# Starter kit joyetech ego aio



## antonherbst (7/10/16)

Hello. I purchased my starter kit 3 days ago and have been using it a couple of times. What i have pocked up os that the screw top gets hot when i have used it for about 10 "puffs" 

My question is why does this happen and would it cause damage to the unit. Am i using it wrong? Help me please


Sent from my iPhone using Tapatalk


----------



## incredible_hullk (7/10/16)

Hi @antonherbst...are you refering to the atomiser top part...if so it is normal for it to heat up. I have no experience with the new kit 

Just depends how hot...if its hot but you can still touch it then its fine but if its seriously burny hot then it may indicate a problem


----------



## Boktiet (7/10/16)

Mine used to get hot when chain vaping with semi closed airflow. Open up the airflow to the max. That might help...

Reactions: Agree 1


----------



## Soutie (7/10/16)

I have an AIO and it gets super hot while chain vaping especially on the lower ohm coils, It can take to a 0.4 if i recall correctly (I haven't used it in ages). 

I'm Pretty sure it wont damage the unit itself, but I'm sure it cant be that great for the life of the coil.


----------



## KZOR (7/10/16)

Seems like you need a upgrade.

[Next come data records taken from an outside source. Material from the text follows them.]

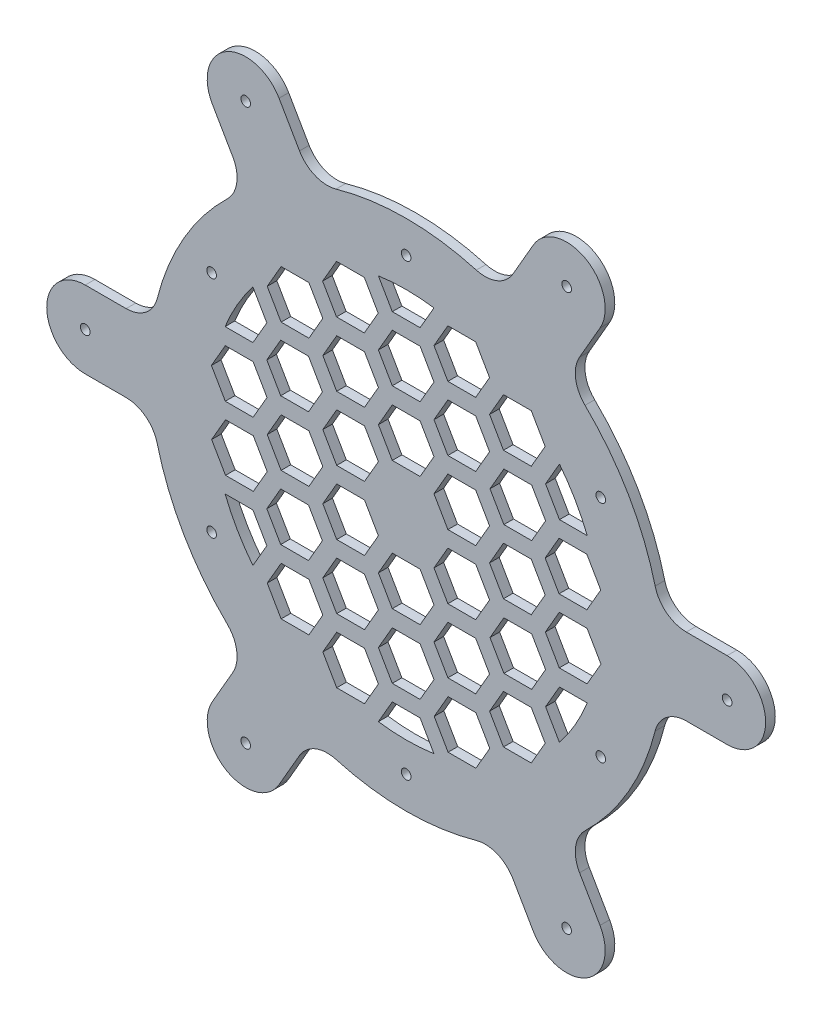
SolidWorks part; units mm, degrees
ref_plane "Front Plane" through (0, 0, 0) normal (0, 0, 1) x (1, 0, 0)
ref_plane "Top Plane" through (0, 0, 0) normal (0, 1, 0) x (1, 0, 0)
ref_plane "Right Plane" through (0, 0, 0) normal (1, 0, 0) x (0, 0, -1)
sketch "Sketch1" plane through (0, 0, 0) normal (0, 0, 1) x (1, 0, 0)
  line L0 (-561.3531, -948.2921) -> (24438.6469, 42352.9781) construction
  line L1 (-540.4731, -960.1269) -> (24459.5269, 42341.1433) construction
  line L2 (460.2716, -773.2137) -> (-24539.7284, 42528.0564) construction
  line L3 (439.0754, -784.5009) -> (-24560.9246, 42516.7693) construction
  line L4 (898.9248, 12) -> (-49101.0752, 12) construction
  line L5 (900.72, -12) -> (-49099.28, -12) construction
  line L6 (-54.0272, 69.5778) -> (-60.3923, 80.6025)
  line L7 (-33.2425, 81.5778) -> (-39.6077, 92.6025)
  line L8 (33.2425, 81.5778) -> (39.6077, 92.6025)
  line L9 (54.0272, 69.5778) -> (60.3923, 80.6025)
  line L10 (87.2697, 12) -> (100, 12)
  line L11 (87.2697, -12) -> (100, -12)
  line L12 (54.0272, -69.5778) -> (60.3923, -80.6025)
  line L13 (33.2425, -81.5778) -> (39.6077, -92.6025)
  line L14 (-54.0272, -69.5778) -> (-60.3923, -80.6025)
  line L15 (-33.2425, -81.5778) -> (-39.6077, -92.6025)
  line L16 (-87.2697, 12) -> (-100, 12)
  line L17 (-87.2697, -12) -> (-100, -12)
  line L18 (-4.3301, 27.5) -> (-8.6603, 20)
  line L25 (-8.6603, 10) -> (-12.9904, 17.5)
  line L26 (-12.9904, 17.5) -> (-21.6506, 17.5)
  line L27 (-21.6506, 17.5) -> (-25.9808, 10)
  line L28 (-25.9808, 10) -> (-21.6506, 2.5)
  line L29 (-21.6506, 2.5) -> (-12.9904, 2.5)
  line L30 (-12.9904, 2.5) -> (-8.6603, 10)
  line L31 (4.3301, 27.5) -> (-4.3301, 27.5)
  line L32 (8.6603, 20) -> (4.3301, 27.5)
  line L33 (4.3301, 12.5) -> (8.6603, 20)
  line L34 (-4.3301, 12.5) -> (4.3301, 12.5)
  line L35 (-8.6603, 20) -> (-4.3301, 12.5)
  line L36 (21.6506, 17.5) -> (12.9904, 17.5)
  line L37 (25.9808, 10) -> (21.6506, 17.5)
  line L38 (21.6506, 2.5) -> (25.9808, 10)
  line L39 (12.9904, 2.5) -> (21.6506, 2.5)
  line L40 (8.6603, 10) -> (12.9904, 2.5)
  line L41 (12.9904, 17.5) -> (8.6603, 10)
  line L42 (25.9808, -10) -> (21.6506, -2.5)
  line L43 (21.6506, -17.5) -> (25.9808, -10)
  line L44 (12.9904, -17.5) -> (21.6506, -17.5)
  line L45 (8.6603, -10) -> (12.9904, -17.5)
  line L46 (12.9904, -2.5) -> (8.6603, -10)
  line L47 (21.6506, -2.5) -> (12.9904, -2.5)
  line L48 (4.3301, -27.5) -> (8.6603, -20)
  line L49 (-4.3301, -27.5) -> (4.3301, -27.5)
  line L50 (-8.6603, -20) -> (-4.3301, -27.5)
  line L51 (-4.3301, -12.5) -> (-8.6603, -20)
  line L52 (4.3301, -12.5) -> (-4.3301, -12.5)
  line L53 (8.6603, -20) -> (4.3301, -12.5)
  line L54 (-21.6506, -17.5) -> (-12.9904, -17.5)
  line L55 (-25.9808, -10) -> (-21.6506, -17.5)
  line L56 (-21.6506, -2.5) -> (-25.9808, -10)
  line L57 (-12.9904, -2.5) -> (-21.6506, -2.5)
  line L58 (-8.6603, -10) -> (-12.9904, -2.5)
  line L59 (-12.9904, -17.5) -> (-8.6603, -10)
  line L60 (-4.3301, 7.5) -> (-6.3797, 8.6833) construction
  line L61 (8.6603, 40.1493) -> (4.3301, 47.6493)
  line L62 (-26.11, 20.0746) -> (-30.4402, 27.5746)
  line L63 (-30.4402, 27.5746) -> (-39.1004, 27.5746)
  line L64 (-39.1004, 27.5746) -> (-43.4305, 20.0746)
  line L65 (-43.4305, 20.0746) -> (-39.1004, 12.5746)
  line L66 (-39.1004, 12.5746) -> (-30.4402, 12.5746)
  line L67 (-30.4402, 12.5746) -> (-26.11, 20.0746)
  line L68 (4.3301, 47.6493) -> (-4.3301, 47.6493)
  line L69 (4.3301, 32.6493) -> (8.6603, 40.1493)
  line L70 (-4.3301, 47.6493) -> (-8.6603, 40.1493)
  line L71 (-8.6603, 40.1493) -> (-4.3301, 32.6493)
  line L72 (-4.3301, 32.6493) -> (4.3301, 32.6493)
  line L73 (39.1004, 12.5746) -> (43.4305, 20.0746)
  line L74 (43.4305, 20.0746) -> (39.1004, 27.5746)
  line L75 (30.4402, 12.5746) -> (39.1004, 12.5746)
  line L76 (39.1004, 27.5746) -> (30.4402, 27.5746)
  line L77 (30.4402, 27.5746) -> (26.11, 20.0746)
  line L78 (26.11, 20.0746) -> (30.4402, 12.5746)
  line L79 (30.4402, -27.5746) -> (39.1004, -27.5746)
  line L80 (39.1004, -27.5746) -> (43.4305, -20.0746)
  line L81 (26.11, -20.0746) -> (30.4402, -27.5746)
  line L82 (43.4305, -20.0746) -> (39.1004, -12.5746)
  line L83 (39.1004, -12.5746) -> (30.4402, -12.5746)
  line L84 (30.4402, -12.5746) -> (26.11, -20.0746)
  line L85 (-8.6603, -40.1493) -> (-4.3301, -47.6493)
  line L86 (-4.3301, -47.6493) -> (4.3301, -47.6493)
  line L87 (-4.3301, -32.6493) -> (-8.6603, -40.1493)
  line L88 (4.3301, -47.6493) -> (8.6603, -40.1493)
  line L89 (8.6603, -40.1493) -> (4.3301, -32.6493)
  line L90 (4.3301, -32.6493) -> (-4.3301, -32.6493)
  line L91 (-39.1004, -12.5746) -> (-43.4305, -20.0746)
  line L92 (-43.4305, -20.0746) -> (-39.1004, -27.5746)
  line L93 (-30.4402, -12.5746) -> (-39.1004, -12.5746)
  line L94 (-39.1004, -27.5746) -> (-30.4402, -27.5746)
  line L95 (-30.4402, -27.5746) -> (-26.11, -20.0746)
  line L96 (-26.11, -20.0746) -> (-30.4402, -12.5746)
  line L97 (0, 0) -> (47.6368, 0) construction
  line L98 (-25.9808, 30) -> (-21.6506, 22.5)
  line L99 (-25.9808, 0) -> (-30.3109, 7.5)
  line L100 (-30.3109, 7.5) -> (-38.9711, 7.5)
  line L101 (-38.9711, 7.5) -> (-43.3013, 0)
  line L102 (-43.3013, 0) -> (-38.9711, -7.5)
  line L103 (-38.9711, -7.5) -> (-30.3109, -7.5)
  line L104 (-30.3109, -7.5) -> (-25.9808, 0)
  line L105 (-21.6506, 37.5) -> (-25.9808, 30)
  line L106 (-12.9904, 37.5) -> (-21.6506, 37.5)
  line L107 (-8.6603, 30) -> (-12.9904, 37.5)
  line L108 (-12.9904, 22.5) -> (-8.6603, 30)
  line L109 (-21.6506, 22.5) -> (-12.9904, 22.5)
  line L110 (12.9904, 37.5) -> (8.6603, 30)
  line L111 (21.6506, 37.5) -> (12.9904, 37.5)
  line L112 (25.9808, 30) -> (21.6506, 37.5)
  line L113 (21.6506, 22.5) -> (25.9808, 30)
  line L114 (12.9904, 22.5) -> (21.6506, 22.5)
  line L115 (8.6603, 30) -> (12.9904, 22.5)
  line L116 (38.9711, 7.5) -> (30.3109, 7.5)
  line L117 (43.3013, 0) -> (38.9711, 7.5)
  line L118 (38.9711, -7.5) -> (43.3013, 0)
  line L119 (30.3109, -7.5) -> (38.9711, -7.5)
  line L120 (25.9808, 0) -> (30.3109, -7.5)
  line L121 (30.3109, 7.5) -> (25.9808, 0)
  line L122 (25.9808, -30) -> (21.6506, -22.5)
  line L123 (21.6506, -37.5) -> (25.9808, -30)
  line L124 (12.9904, -37.5) -> (21.6506, -37.5)
  line L125 (8.6603, -30) -> (12.9904, -37.5)
  line L126 (12.9904, -22.5) -> (8.6603, -30)
  line L127 (21.6506, -22.5) -> (12.9904, -22.5)
  line L128 (-12.9904, -37.5) -> (-8.6603, -30)
  line L129 (-21.6506, -37.5) -> (-12.9904, -37.5)
  line L130 (-25.9808, -30) -> (-21.6506, -37.5)
  line L131 (-21.6506, -22.5) -> (-25.9808, -30)
  line L132 (-12.9904, -22.5) -> (-21.6506, -22.5)
  line L133 (-8.6603, -30) -> (-12.9904, -22.5)
  line L134 (-56.3563, 17.4627) -> (-60.6864, 9.9627)
  line L135 (-25.9807, -40.0746) -> (-30.3108, -32.5746)
  line L136 (-30.3108, -32.5746) -> (-38.9711, -32.5746)
  line L137 (-38.9711, -32.5746) -> (-43.3012, -40.0746)
  line L138 (-43.3012, -40.0746) -> (-38.9711, -47.5746)
  line L139 (-38.9711, -47.5746) -> (-30.3108, -47.5746)
  line L140 (-30.3108, -47.5746) -> (-25.9807, -40.0746)
  line L141 (-47.696, 17.4627) -> (-56.3563, 17.4627)
  line L142 (-43.3659, 9.9627) -> (-47.696, 17.4627)
  line L143 (-47.696, 2.4627) -> (-43.3659, 9.9627)
  line L144 (-56.3563, 2.4627) -> (-47.696, 2.4627)
  line L145 (-60.6864, 9.9627) -> (-56.3563, 2.4627)
  line L146 (-13.055, 57.5373) -> (-21.7153, 57.5373)
  line L147 (-8.7249, 50.0373) -> (-13.055, 57.5373)
  line L148 (-13.055, 42.5373) -> (-8.7249, 50.0373)
  line L149 (-21.7153, 42.5373) -> (-13.055, 42.5373)
  line L150 (-26.0454, 50.0373) -> (-21.7153, 42.5373)
  line L151 (-21.7153, 57.5373) -> (-26.0454, 50.0373)
  line L152 (43.3012, 40.0746) -> (38.9711, 47.5746)
  line L153 (38.9711, 32.5746) -> (43.3012, 40.0746)
  line L154 (30.3108, 32.5746) -> (38.9711, 32.5746)
  line L155 (25.9807, 40.0746) -> (30.3108, 32.5746)
  line L156 (30.3108, 47.5746) -> (25.9807, 40.0746)
  line L157 (38.9711, 47.5746) -> (30.3108, 47.5746)
  line L158 (56.3563, -17.4627) -> (60.6864, -9.9627)
  line L159 (47.696, -17.4627) -> (56.3563, -17.4627)
  line L160 (43.3659, -9.9627) -> (47.696, -17.4627)
  line L161 (47.696, -2.4627) -> (43.3659, -9.9627)
  line L162 (56.3563, -2.4627) -> (47.696, -2.4627)
  line L163 (60.6864, -9.9627) -> (56.3563, -2.4627)
  line L164 (13.055, -57.5373) -> (21.7153, -57.5373)
  line L165 (8.7249, -50.0373) -> (13.055, -57.5373)
  line L166 (13.055, -42.5373) -> (8.7249, -50.0373)
  line L167 (21.7153, -42.5373) -> (13.055, -42.5373)
  line L168 (26.0454, -50.0373) -> (21.7153, -42.5373)
  line L169 (21.7153, -57.5373) -> (26.0454, -50.0373)
  line L170 (-56.2917, -2.5) -> (-60.6218, -10)
  line L171 (-8.6603, -50) -> (-12.9904, -42.5)
  line L172 (-12.9904, -42.5) -> (-21.6506, -42.5)
  line L173 (-21.6506, -42.5) -> (-25.9808, -50)
  line L174 (-25.9808, -50) -> (-21.6506, -57.5)
  line L175 (-21.6506, -57.5) -> (-12.9904, -57.5)
  line L176 (-12.9904, -57.5) -> (-8.6603, -50)
  line L177 (-47.6314, -2.5) -> (-56.2917, -2.5)
  line L178 (-60.6218, -10) -> (-56.2917, -17.5)
  line L179 (-56.2917, -17.5) -> (-47.6314, -17.5)
  line L180 (-47.6314, -17.5) -> (-43.3013, -10)
  line L181 (-43.3013, -10) -> (-47.6314, -2.5)
  line L182 (-30.3109, 47.5) -> (-38.9711, 47.5)
  line L183 (-25.9808, 40) -> (-30.3109, 47.5)
  line L184 (-38.9711, 47.5) -> (-43.3013, 40)
  line L185 (-43.3013, 40) -> (-38.9711, 32.5)
  line L186 (-38.9711, 32.5) -> (-30.3109, 32.5)
  line L187 (-30.3109, 32.5) -> (-25.9808, 40)
  line L188 (25.9808, 50) -> (21.6506, 57.5)
  line L189 (21.6506, 42.5) -> (25.9808, 50)
  line L190 (21.6506, 57.5) -> (12.9904, 57.5)
  line L191 (12.9904, 57.5) -> (8.6603, 50)
  line L192 (8.6603, 50) -> (12.9904, 42.5)
  line L193 (12.9904, 42.5) -> (21.6506, 42.5)
  line L194 (56.2917, 2.5) -> (60.6218, 10)
  line L195 (47.6314, 2.5) -> (56.2917, 2.5)
  line L196 (60.6218, 10) -> (56.2917, 17.5)
  line L197 (56.2917, 17.5) -> (47.6314, 17.5)
  line L198 (47.6314, 17.5) -> (43.3013, 10)
  line L199 (43.3013, 10) -> (47.6314, 2.5)
  line L200 (30.3109, -47.5) -> (38.9711, -47.5)
  line L201 (25.9808, -40) -> (30.3109, -47.5)
  line L202 (38.9711, -47.5) -> (43.3013, -40)
  line L203 (43.3013, -40) -> (38.9711, -32.5)
  line L204 (38.9711, -32.5) -> (30.3109, -32.5)
  line L205 (30.3109, -32.5) -> (25.9808, -40)
  line L206 (-47.7607, -22.5746) -> (-56.4209, -22.5746)
  line L207 (8.6603, -60.1493) -> (4.3301, -52.6493)
  line L208 (4.3301, -52.6493) -> (-4.3301, -52.6493)
  line L209 (-4.3301, -52.6493) -> (-8.6603, -60.1493)
  line L210 (-47.7607, -37.5746) -> (-43.4305, -30.0746)
  line L211 (-43.4305, -30.0746) -> (-47.7607, -22.5746)
  line L212 (-43.4305, 30.0746) -> (-47.7607, 37.5746)
  line L213 (6.4952, -63.8993) -> (8.6603, -60.1493) [skipped]
  line L214 (-3.2651, -67.6493) -> (0, -67.6493) [skipped]
  line L215 (-6.4952, -63.8993) -> (-4.3301, -67.6493) [skipped]
  line L216 (-56.4209, 22.5746) -> (-47.7607, 22.5746)
  line L217 (-47.7607, 22.5746) -> (-43.4305, 30.0746)
  line L218 (4.3301, 52.6493) -> (8.6603, 60.1493)
  line L219 (-8.6603, 60.1493) -> (-4.3301, 52.6493)
  line L220 (-4.3301, 52.6493) -> (4.3301, 52.6493)
  line L221 (47.7607, 22.5746) -> (56.4209, 22.5746)
  line L222 (47.7607, 37.5746) -> (43.4305, 30.0746)
  line L223 (43.4305, 30.0746) -> (47.7607, 22.5746)
  line L224 (43.4305, -30.0746) -> (47.7607, -37.5746)
  line L225 (56.4209, -22.5746) -> (47.7607, -22.5746)
  line L226 (47.7607, -22.5746) -> (43.4305, -30.0746)
  circle A0 centre (0, 0) radius 100 construction
  circle A1 centre (100, 0) radius 1.5
  arc A7 (100, -12) -> (100, 12) centre (100, 0) ccw
  circle A8 centre (50, -86.6025) radius 1.5
  arc A14 (39.6077, -92.6025) -> (60.3923, -80.6025) centre (50, -86.6025) ccw
  circle A15 centre (-50, -86.6025) radius 1.5
  arc A21 (-60.3923, -80.6025) -> (-39.6077, -92.6025) centre (-50, -86.6025) ccw
  circle A22 centre (-100, 0) radius 1.5
  arc A28 (-100, 12) -> (-100, -12) centre (-100, 0) ccw
  circle A29 centre (-50, 86.6025) radius 1.5
  arc A35 (-39.6077, 92.6025) -> (-60.3923, 80.6025) centre (-50, 86.6025) ccw
  circle A36 centre (50, 86.6025) radius 1.5
  arc A42 (60.3923, 80.6025) -> (39.6077, 92.6025) centre (50, 86.6025) ccw
  arc A43 (-55.7221, 57.4025) -> (-77.5731, 19.5556) centre (0, 0) ccw
  circle A44 centre (0, 0) radius 70 construction
  circle A46 centre (0, 0) radius 20 construction
  circle A47 centre (-17.3205, 10) radius 7.5 construction
  circle A48 centre (0, 20) radius 7.5 construction
  circle A49 centre (17.3205, 10) radius 7.5 construction
  circle A50 centre (17.3205, -10) radius 7.5 construction
  circle A51 centre (0, -20) radius 7.5 construction
  arc A52 (-21.8509, -76.958) -> (21.8509, -76.958) centre (0, 0) ccw
  arc A53 (55.7221, -57.4025) -> (77.5731, -19.5556) centre (0, 0) ccw
  arc A54 (21.8509, 76.958) -> (-21.8509, 76.958) centre (0, 0) ccw
  arc A55 (-77.5731, -19.5556) -> (-55.7221, -57.4025) centre (0, 0) ccw
  arc A56 (77.5731, 19.5556) -> (55.7221, 57.4025) centre (0, 0) ccw
  circle A57 centre (0, 70) radius 1.5
  circle A58 centre (60.6218, 35) radius 1.5
  circle A59 centre (60.6218, -35) radius 1.5
  circle A60 centre (0, -70) radius 1.5
  circle A61 centre (-60.6218, -35) radius 1.5
  circle A62 centre (-60.6218, 35) radius 1.5
  circle A63 centre (-17.3205, -10) radius 7.5 construction
  circle A64 centre (0, 0) radius 40 construction
  circle A65 centre (-34.7703, 20.0746) radius 7.5 construction
  circle A66 centre (0, 40.1493) radius 7.5 construction
  circle A67 centre (34.7703, 20.0746) radius 7.5 construction
  circle A68 centre (34.7703, -20.0746) radius 7.5 construction
  circle A69 centre (0, -40.1493) radius 7.5 construction
  circle A70 centre (-34.7703, -20.0746) radius 7.5 construction
  circle A71 centre (0, 0) radius 34.641 construction
  circle A72 centre (-34.641, 0) radius 7.5 construction
  circle A73 centre (-17.3205, 30) radius 7.5 construction
  circle A74 centre (17.3205, 30) radius 7.5 construction
  circle A75 centre (34.641, 0) radius 7.5 construction
  circle A76 centre (17.3205, -30) radius 7.5 construction
  circle A77 centre (-17.3205, -30) radius 7.5 construction
  circle A78 centre (0, 0) radius 52.9714 construction
  circle A79 centre (-34.641, -40.0746) radius 7.5 construction
  circle A80 centre (-52.0261, 9.9627) radius 7.5 construction
  arc A81 (77.5731, 19.5556) -> (87.2697, 12) centre (87.2697, 22) ccw
  arc A82 (87.2697, -12) -> (77.5731, -19.5556) centre (87.2697, -22) ccw
  arc A83 (55.7221, -57.4025) -> (54.0272, -69.5778) centre (62.6874, -64.5778) ccw
  arc A84 (33.2425, -81.5778) -> (21.8509, -76.958) centre (24.5823, -86.5778) ccw
  arc A85 (-21.8509, -76.958) -> (-33.2425, -81.5778) centre (-24.5823, -86.5778) ccw
  arc A86 (-54.0272, -69.5778) -> (-55.7221, -57.4025) centre (-62.6874, -64.5778) ccw
  arc A87 (-77.5731, -19.5556) -> (-87.2697, -12) centre (-87.2697, -22) ccw
  arc A88 (-87.2697, 12) -> (-77.5731, 19.5556) centre (-87.2697, 22) ccw
  arc A89 (-54.0272, 69.5778) -> (-55.7221, 57.4025) centre (-62.6874, 64.5778) cw
  arc A90 (55.7221, 57.4025) -> (54.0272, 69.5778) centre (62.6874, 64.5778) cw
  arc A91 (33.2425, 81.5778) -> (21.8509, 76.958) centre (24.5823, 86.5778) cw
  arc A92 (-21.8509, 76.958) -> (-33.2425, 81.5778) centre (-24.5823, 86.5778) cw
  circle A93 centre (-17.3852, 50.0373) radius 7.5 construction
  circle A94 centre (34.641, 40.0746) radius 7.5 construction
  circle A95 centre (52.0261, -9.9627) radius 7.5 construction
  circle A96 centre (17.3852, -50.0373) radius 7.5 construction
  circle A97 centre (-17.3205, -50) radius 7.5 construction
  circle A98 centre (-51.9615, -10) radius 7.5 construction
  circle A99 centre (-34.641, 40) radius 7.5 construction
  circle A100 centre (17.3205, 50) radius 7.5 construction
  circle A101 centre (51.9615, 10) radius 7.5 construction
  circle A102 centre (34.641, -40) radius 7.5 construction
  circle A103 centre (0, 0) radius 60.7695 construction
  arc A104 (-8.6603, -60.1493) -> (8.6603, -60.1493) centre (0, 0) ccw
  arc A105 (7.4984, -60.3051) -> (-7.4984, -60.3051) centre (0, -60.1493) ccw construction
  arc A106 (-56.4209, -22.5746) -> (-47.7607, -37.5746) centre (0, 0) ccw
  arc A107 (-48.4766, -36.6463) -> (-55.975, -23.6588) centre (-52.0908, -30.0746) ccw construction
  arc A108 (-47.7607, 37.5746) -> (-56.4209, 22.5746) centre (0, 0) ccw
  arc A109 (-55.975, 23.6588) -> (-48.4766, 36.6463) centre (-52.0908, 30.0746) ccw construction
  arc A110 (8.6603, 60.1493) -> (-8.6603, 60.1493) centre (0, 0) ccw
  arc A111 (-7.4984, 60.3051) -> (7.4984, 60.3051) centre (0, 60.1493) ccw construction
  arc A112 (56.4209, 22.5746) -> (47.7607, 37.5746) centre (0, 0) ccw
  arc A113 (48.4766, 36.6463) -> (55.975, 23.6588) centre (52.0908, 30.0746) ccw construction
  arc A114 (47.7607, -37.5746) -> (56.4209, -22.5746) centre (0, 0) ccw
  arc A115 (55.975, -23.6588) -> (48.4766, -36.6463) centre (52.0908, -30.0746) ccw construction
  point P177 (58.7878, -12)
  point P178 (0, 0)
  point P183 (58.7878, 12)
  point P198 (-58.7878, 12)
  point P204 (-39.7862, 44.9117)
  point P207 (79.0949, 12)
  point P210 (79.0949, -12)
  point P213 (49.9397, -62.4982)
  point P216 (29.1551, -74.4982)
  point P219 (-29.1551, -74.4982)
  point P222 (-49.9397, -62.4982)
  point P225 (-79.0949, -12)
  point P228 (-79.0949, 12)
  point P231 (-49.9397, 62.4982)
  point P233 (49.9397, 62.4982)
  point P236 (29.1551, 74.4982)
  point P239 (-29.1551, 74.4982)
  point P269 (0, 0)
  point P321 (0, 0)
  point P371 (0, 0)
  point P420 (0, 0)
  point P471 (0, 0)
  dimension "D1" = 6
  dimension "D3" = 3
  dimension "D9" = 12
  dimension "D10" = 80
  dimension "D11" = 140
  dimension "D12" = 40
  dimension "D14" = 3
  dimension "D15" = 10
  dimension "D16" = 10
  dimension "D17" = 200
  dimension "D18" = 15
  dimension "D20" = 70
  dimension "D23" = 80
  dimension "D24" = 15
  dimension "D26" = 5
  dimension "D27" = 15
  dimension "D28" = 6
  dimension "D29" = 15
  dimension "D33" = 15
  dimension "D36" = 6
  dimension "D19" = 6
  dimension "D21" = 70
  dimension "D30" = 5
  dimension "D32" = 5
  dimension "D34" = 0
  dimension "D37" = 5
  dimension "D38" = 0
  dimension "D13" = 6
  dimension "D25" = 6
  dimension "D31" = 6
  dimension "D35" = 6
extrude "Boss-Extrude1" add sketch "Sketch1" along normal blind 3

You are sucking the life out of that device which only tells me that the rate/volume of delivery is too slow for the demand. 
The atomizer is a small structure that will heat up quickly with overuse.

Reactions: Agree 1 | Funny 1


----------



## Vaporeon13 (7/10/16)

@antonherbst I have the AIO D22, it does heat up a bit when I chainvape. Whats your style of vaping? Mouth-to-lung or Direct-to-lung? If you DL, the best advice I can give is get the BF Cubis 0.5ohm or even the 1ohm coils. 

The standard coil that come with the AIO come with MTL coils, and the flow is a bit constricting. The Cubis coils make a HUGE difference, and you get lekker lung hits.


----------